Bruno, Bruno Stroszek. Everything is concentrated in his figure. All the secrets of the world, of the end of the world. Everything that is to happen, that will happen. Fate, the secret of fate.
He speaks of himself in the third person, which is already a sign. In the third person as if he were also someone else, another person, away from him. As though he were already away from himself, displaced. As though he somehow happened to himself, as all events happen to him. As though he suffered himself, befell himself, lived – and died – as his own fate; no – as fate, not his own fate. As fate.
Bruno suffers … he suffers in advance of whatever will happen to him.

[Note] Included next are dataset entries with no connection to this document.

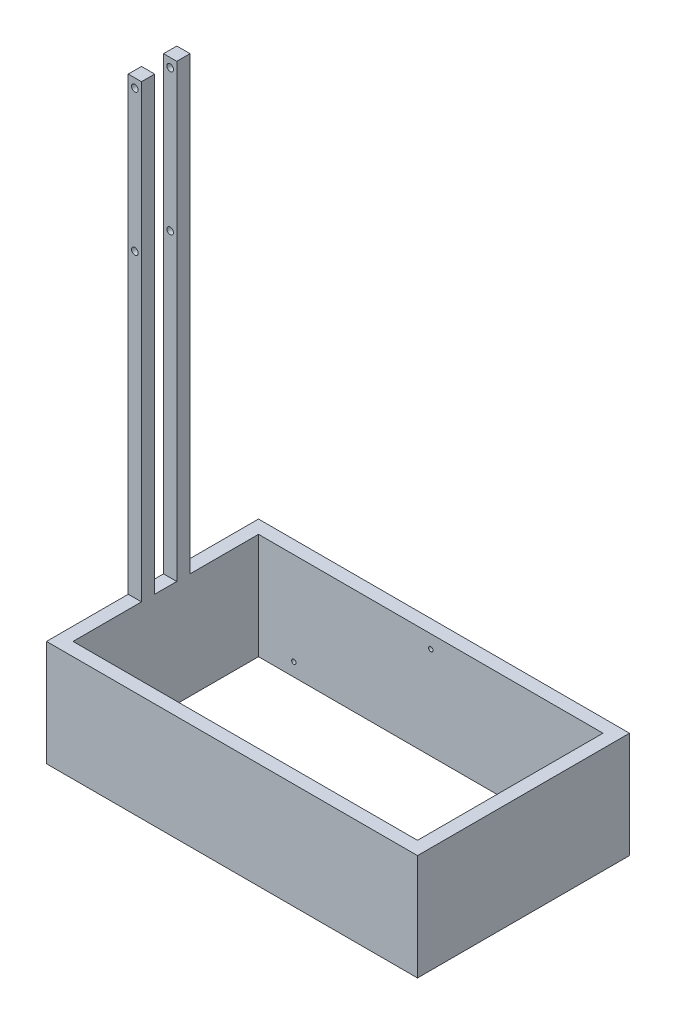
ISO-10303-21;
HEADER;
FILE_DESCRIPTION(('STEP AP214'),'2;1');
FILE_NAME('part.step','',(''),(''),'','','');
FILE_SCHEMA(('AUTOMOTIVE_DESIGN { 1 0 10303 214 1 1 1 1 }'));
ENDSEC;
DATA;
#1=APPLICATION_CONTEXT('core data for automotive mechanical design processes');
#2=APPLICATION_PROTOCOL_DEFINITION('international standard','automotive_design',2000,#1);
#3=PRODUCT_CONTEXT('',#1,'mechanical');
#4=PRODUCT('Part','Part','',(#3));
#5=PRODUCT_RELATED_PRODUCT_CATEGORY('part','',(#4));
#6=PRODUCT_DEFINITION_FORMATION('','',#4);
#7=PRODUCT_DEFINITION_CONTEXT('part definition',#1,'design');
#8=PRODUCT_DEFINITION('design','',#6,#7);
#9=PRODUCT_DEFINITION_SHAPE('','',#8);
#10=(LENGTH_UNIT() NAMED_UNIT(*) SI_UNIT(.MILLI.,.METRE.));
#11=(NAMED_UNIT(*) PLANE_ANGLE_UNIT() SI_UNIT($,.RADIAN.));
#12=(NAMED_UNIT(*) SI_UNIT($,.STERADIAN.) SOLID_ANGLE_UNIT());
#13=UNCERTAINTY_MEASURE_WITH_UNIT(LENGTH_MEASURE(1.E-05),#10,'distance_accuracy_value','');
#14=(GEOMETRIC_REPRESENTATION_CONTEXT(3) GLOBAL_UNCERTAINTY_ASSIGNED_CONTEXT((#13)) GLOBAL_UNIT_ASSIGNED_CONTEXT((#10,
#11,#12)) REPRESENTATION_CONTEXT('',''));
#15=CARTESIAN_POINT('',(0.,0.,0.));
#16=DIRECTION('',(0.,0.,1.));
#17=DIRECTION('',(1.,0.,0.));
#18=AXIS2_PLACEMENT_3D('',#15,#16,#17);
#19=CARTESIAN_POINT('',(0.,609.6,0.));
#20=DIRECTION('',(0.,-1.,0.));
#21=DIRECTION('',(0.,0.,-1.));
#22=AXIS2_PLACEMENT_3D('',#19,#20,#21);
#23=PLANE('',#22);
#24=DIRECTION('',(1.,0.,0.));
#25=VECTOR('',#24,1.);
#26=CARTESIAN_POINT('',(0.,609.6,-469.9));
#27=LINE('',#26,#25);
#28=CARTESIAN_POINT('',(0.,609.6,-469.9));
#29=VERTEX_POINT('',#28);
#30=CARTESIAN_POINT('',(76.2000000000001,609.6,-469.9));
#31=VERTEX_POINT('',#30);
#32=EDGE_CURVE('E274',#29,#31,#27,.T.);
#33=ORIENTED_EDGE('',*,*,#32,.F.);
#34=DIRECTION('',(0.,0.,1.));
#35=VECTOR('',#34,1.);
#36=CARTESIAN_POINT('',(0.,609.6,0.));
#37=LINE('',#36,#35);
#38=CARTESIAN_POINT('',(0.,609.6,0.));
#39=VERTEX_POINT('',#38);
#40=EDGE_CURVE('E171',#29,#39,#37,.T.);
#41=ORIENTED_EDGE('',*,*,#40,.T.);
#42=DIRECTION('',(1.,0.,0.));
#43=VECTOR('',#42,1.);
#44=CARTESIAN_POINT('',(0.,609.6,0.));
#45=LINE('',#44,#43);
#46=CARTESIAN_POINT('',(2133.6,609.6,0.));
#47=VERTEX_POINT('',#46);
#48=EDGE_CURVE('E260',#39,#47,#45,.T.);
#49=ORIENTED_EDGE('',*,*,#48,.T.);
#50=DIRECTION('',(0.,0.,-1.));
#51=VECTOR('',#50,1.);
#52=CARTESIAN_POINT('',(2133.6,609.6,0.));
#53=LINE('',#52,#51);
#54=CARTESIAN_POINT('',(2133.6,609.6,-1219.2));
#55=VERTEX_POINT('',#54);
#56=EDGE_CURVE('E258',#47,#55,#53,.T.);
#57=ORIENTED_EDGE('',*,*,#56,.T.);
#58=DIRECTION('',(-1.,0.,0.));
#59=VECTOR('',#58,1.);
#60=CARTESIAN_POINT('',(0.,609.6,-1219.2));
#61=LINE('',#60,#59);
#62=CARTESIAN_POINT('',(0.,609.6,-1219.2));
#63=VERTEX_POINT('',#62);
#64=EDGE_CURVE('E247',#55,#63,#61,.T.);
#65=ORIENTED_EDGE('',*,*,#64,.T.);
#66=CARTESIAN_POINT('',(0.,609.6,-749.3));
#67=VERTEX_POINT('',#66);
#68=EDGE_CURVE('E261',#63,#67,#37,.T.);
#69=ORIENTED_EDGE('',*,*,#68,.T.);
#70=DIRECTION('',(-1.,0.,0.));
#71=VECTOR('',#70,1.);
#72=CARTESIAN_POINT('',(0.,609.6,-749.3));
#73=LINE('',#72,#71);
#74=CARTESIAN_POINT('',(76.2000000000001,609.6,-749.3));
#75=VERTEX_POINT('',#74);
#76=EDGE_CURVE('E173',#75,#67,#73,.T.);
#77=ORIENTED_EDGE('',*,*,#76,.F.);
#78=DIRECTION('',(0.,0.,1.));
#79=VECTOR('',#78,1.);
#80=CARTESIAN_POINT('',(76.2,609.6,-1143.));
#81=LINE('',#80,#79);
#82=CARTESIAN_POINT('',(76.2,609.6,-1143.));
#83=VERTEX_POINT('',#82);
#84=EDGE_CURVE('E236',#83,#75,#81,.T.);
#85=ORIENTED_EDGE('',*,*,#84,.F.);
#86=DIRECTION('',(-1.,0.,0.));
#87=VECTOR('',#86,1.);
#88=CARTESIAN_POINT('',(76.2,609.6,-1143.));
#89=LINE('',#88,#87);
#90=CARTESIAN_POINT('',(2057.4,609.6,-1143.));
#91=VERTEX_POINT('',#90);
#92=EDGE_CURVE('E310',#91,#83,#89,.T.);
#93=ORIENTED_EDGE('',*,*,#92,.F.);
#94=DIRECTION('',(0.,0.,-1.));
#95=VECTOR('',#94,1.);
#96=CARTESIAN_POINT('',(2057.4,609.6,-1143.));
#97=LINE('',#96,#95);
#98=CARTESIAN_POINT('',(2057.4,609.6,-76.2));
#99=VERTEX_POINT('',#98);
#100=EDGE_CURVE('E314',#99,#91,#97,.T.);
#101=ORIENTED_EDGE('',*,*,#100,.F.);
#102=DIRECTION('',(1.,0.,0.));
#103=VECTOR('',#102,1.);
#104=CARTESIAN_POINT('',(76.2000000000002,609.6,-76.2));
#105=LINE('',#104,#103);
#106=CARTESIAN_POINT('',(76.2000000000002,609.6,-76.2));
#107=VERTEX_POINT('',#106);
#108=EDGE_CURVE('E230',#107,#99,#105,.T.);
#109=ORIENTED_EDGE('',*,*,#108,.F.);
#110=EDGE_CURVE('E220',#31,#107,#81,.T.);
#111=ORIENTED_EDGE('',*,*,#110,.F.);
#112=EDGE_LOOP('',(#33,#41,#49,#57,#65,#69,#77,#85,#93,#101,#109,#111));
#113=FACE_BOUND('',#112,.T.);
#114=ADVANCED_FACE('F34',(#113),#23,.F.);
#115=DIRECTION('',(-1.,0.,0.));
#116=VECTOR('',#115,1.);
#117=CARTESIAN_POINT('',(0.,609.6,-546.1));
#118=LINE('',#117,#116);
#119=CARTESIAN_POINT('',(76.2,609.6,-546.1));
#120=VERTEX_POINT('',#119);
#121=CARTESIAN_POINT('',(0.,609.6,-546.1));
#122=VERTEX_POINT('',#121);
#123=EDGE_CURVE('E166',#120,#122,#118,.T.);
#124=ORIENTED_EDGE('',*,*,#123,.F.);
#125=CARTESIAN_POINT('',(76.2,609.6,-673.1));
#126=VERTEX_POINT('',#125);
#127=EDGE_CURVE('E223',#126,#120,#81,.T.);
#128=ORIENTED_EDGE('',*,*,#127,.F.);
#129=DIRECTION('',(1.,0.,0.));
#130=VECTOR('',#129,1.);
#131=CARTESIAN_POINT('',(0.,609.6,-673.1));
#132=LINE('',#131,#130);
#133=CARTESIAN_POINT('',(0.,609.6,-673.1));
#134=VERTEX_POINT('',#133);
#135=EDGE_CURVE('E59',#134,#126,#132,.T.);
#136=ORIENTED_EDGE('',*,*,#135,.F.);
#137=EDGE_CURVE('E195',#134,#122,#37,.T.);
#138=ORIENTED_EDGE('',*,*,#137,.T.);
#139=EDGE_LOOP('',(#124,#128,#136,#138));
#140=FACE_BOUND('',#139,.T.);
#141=ADVANCED_FACE('F402',(#140),#23,.F.);
#142=CARTESIAN_POINT('',(0.,609.6,0.));
#143=DIRECTION('',(1.,0.,0.));
#144=DIRECTION('',(0.,0.,-1.));
#145=AXIS2_PLACEMENT_3D('',#142,#143,#144);
#146=PLANE('',#145);
#147=DIRECTION('',(0.,0.,1.));
#148=VECTOR('',#147,1.);
#149=CARTESIAN_POINT('',(0.,0.,0.));
#150=LINE('',#149,#148);
#151=CARTESIAN_POINT('',(0.,0.,-1219.2));
#152=VERTEX_POINT('',#151);
#153=CARTESIAN_POINT('',(0.,0.,0.));
#154=VERTEX_POINT('',#153);
#155=EDGE_CURVE('E254',#152,#154,#150,.T.);
#156=ORIENTED_EDGE('',*,*,#155,.T.);
#157=DIRECTION('',(0.,-1.,0.));
#158=VECTOR('',#157,1.);
#159=CARTESIAN_POINT('',(0.,609.6,0.));
#160=LINE('',#159,#158);
#161=EDGE_CURVE('E11',#39,#154,#160,.T.);
#162=ORIENTED_EDGE('',*,*,#161,.F.);
#163=ORIENTED_EDGE('',*,*,#40,.F.);
#164=DIRECTION('',(0.,-1.,0.));
#165=VECTOR('',#164,1.);
#166=CARTESIAN_POINT('',(0.,3200.4,-469.9));
#167=LINE('',#166,#165);
#168=CARTESIAN_POINT('',(0.,3200.4,-469.9));
#169=VERTEX_POINT('',#168);
#170=EDGE_CURVE('E153',#169,#29,#167,.T.);
#171=ORIENTED_EDGE('',*,*,#170,.F.);
#172=DIRECTION('',(0.,0.,1.));
#173=VECTOR('',#172,1.);
#174=CARTESIAN_POINT('',(0.,3200.4,-546.1));
#175=LINE('',#174,#173);
#176=CARTESIAN_POINT('',(0.,3200.4,-546.1));
#177=VERTEX_POINT('',#176);
#178=EDGE_CURVE('E157',#177,#169,#175,.T.);
#179=ORIENTED_EDGE('',*,*,#178,.F.);
#180=DIRECTION('',(0.,-1.,0.));
#181=VECTOR('',#180,1.);
#182=CARTESIAN_POINT('',(0.,3200.4,-546.1));
#183=LINE('',#182,#181);
#184=EDGE_CURVE('E717',#177,#122,#183,.T.);
#185=ORIENTED_EDGE('',*,*,#184,.T.);
#186=ORIENTED_EDGE('',*,*,#137,.F.);
#187=DIRECTION('',(0.,-1.,0.));
#188=VECTOR('',#187,1.);
#189=CARTESIAN_POINT('',(0.,3200.4,-673.1));
#190=LINE('',#189,#188);
#191=CARTESIAN_POINT('',(0.,3200.4,-673.1));
#192=VERTEX_POINT('',#191);
#193=EDGE_CURVE('E201',#192,#134,#190,.T.);
#194=ORIENTED_EDGE('',*,*,#193,.F.);
#195=DIRECTION('',(0.,0.,1.));
#196=VECTOR('',#195,1.);
#197=CARTESIAN_POINT('',(0.,3200.4,-749.3));
#198=LINE('',#197,#196);
#199=CARTESIAN_POINT('',(0.,3200.4,-749.3));
#200=VERTEX_POINT('',#199);
#201=EDGE_CURVE('E179',#200,#192,#198,.T.);
#202=ORIENTED_EDGE('',*,*,#201,.F.);
#203=DIRECTION('',(0.,-1.,0.));
#204=VECTOR('',#203,1.);
#205=CARTESIAN_POINT('',(0.,3200.4,-749.3));
#206=LINE('',#205,#204);
#207=EDGE_CURVE('E188',#200,#67,#206,.T.);
#208=ORIENTED_EDGE('',*,*,#207,.T.);
#209=ORIENTED_EDGE('',*,*,#68,.F.);
#210=DIRECTION('',(0.,-1.,0.));
#211=VECTOR('',#210,1.);
#212=CARTESIAN_POINT('',(0.,609.6,-1219.2));
#213=LINE('',#212,#211);
#214=EDGE_CURVE('E244',#63,#152,#213,.T.);
#215=ORIENTED_EDGE('',*,*,#214,.T.);
#216=EDGE_LOOP('',(#156,#162,#163,#171,#179,#185,#186,#194,#202,#208,#209,#215));
#217=FACE_BOUND('',#216,.T.);
#218=ADVANCED_FACE('F36',(#217),#146,.F.);
#219=CARTESIAN_POINT('',(0.,609.6,0.));
#220=DIRECTION('',(0.,0.,-1.));
#221=DIRECTION('',(-1.,0.,0.));
#222=AXIS2_PLACEMENT_3D('',#219,#220,#221);
#223=PLANE('',#222);
#224=DIRECTION('',(1.,0.,0.));
#225=VECTOR('',#224,1.);
#226=CARTESIAN_POINT('',(0.,0.,0.));
#227=LINE('',#226,#225);
#228=CARTESIAN_POINT('',(2133.6,0.,0.));
#229=VERTEX_POINT('',#228);
#230=EDGE_CURVE('E252',#154,#229,#227,.T.);
#231=ORIENTED_EDGE('',*,*,#230,.T.);
#232=DIRECTION('',(0.,-1.,0.));
#233=VECTOR('',#232,1.);
#234=CARTESIAN_POINT('',(2133.6,609.6,0.));
#235=LINE('',#234,#233);
#236=EDGE_CURVE('E43',#47,#229,#235,.T.);
#237=ORIENTED_EDGE('',*,*,#236,.F.);
#238=ORIENTED_EDGE('',*,*,#48,.F.);
#239=ORIENTED_EDGE('',*,*,#161,.T.);
#240=EDGE_LOOP('',(#231,#237,#238,#239));
#241=FACE_BOUND('',#240,.T.);
#242=ADVANCED_FACE('F276',(#241),#223,.F.);
#243=CARTESIAN_POINT('',(2133.6,609.6,0.));
#244=DIRECTION('',(-1.,0.,0.));
#245=DIRECTION('',(0.,0.,1.));
#246=AXIS2_PLACEMENT_3D('',#243,#244,#245);
#247=PLANE('',#246);
#248=DIRECTION('',(0.,0.,-1.));
#249=VECTOR('',#248,1.);
#250=CARTESIAN_POINT('',(2133.6,0.,0.));
#251=LINE('',#250,#249);
#252=CARTESIAN_POINT('',(2133.6,0.,-1219.2));
#253=VERTEX_POINT('',#252);
#254=EDGE_CURVE('E250',#229,#253,#251,.T.);
#255=ORIENTED_EDGE('',*,*,#254,.T.);
#256=DIRECTION('',(0.,-1.,0.));
#257=VECTOR('',#256,1.);
#258=CARTESIAN_POINT('',(2133.6,609.6,-1219.2));
#259=LINE('',#258,#257);
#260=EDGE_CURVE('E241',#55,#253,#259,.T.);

He's a kind of prophet, but what sees is doom, not salvation. He knows in advance that it's all going to fail. We're going down: he knows that. The descent has begun: that he knows.
He's not even resigned – that's not the word for it. It's not as if he knows his fate and then resigns himself to it. He's not a man dead in advance. All hope has not been hollowed from him. It's rather that hope, his hope takes place amidst fate.
He knows it will end, that it's all coming to an end, but he hopes nonetheless. He hopes nevertheless, against himself and against fate. He can still enter into life, or at least part of him can. But there's another part, which is what he speaks of in the third person. It's why he speaks of himself in the third person, he must do. Because what he is is divided, there where he should be one. Divided, right there, as hope and despair are divided …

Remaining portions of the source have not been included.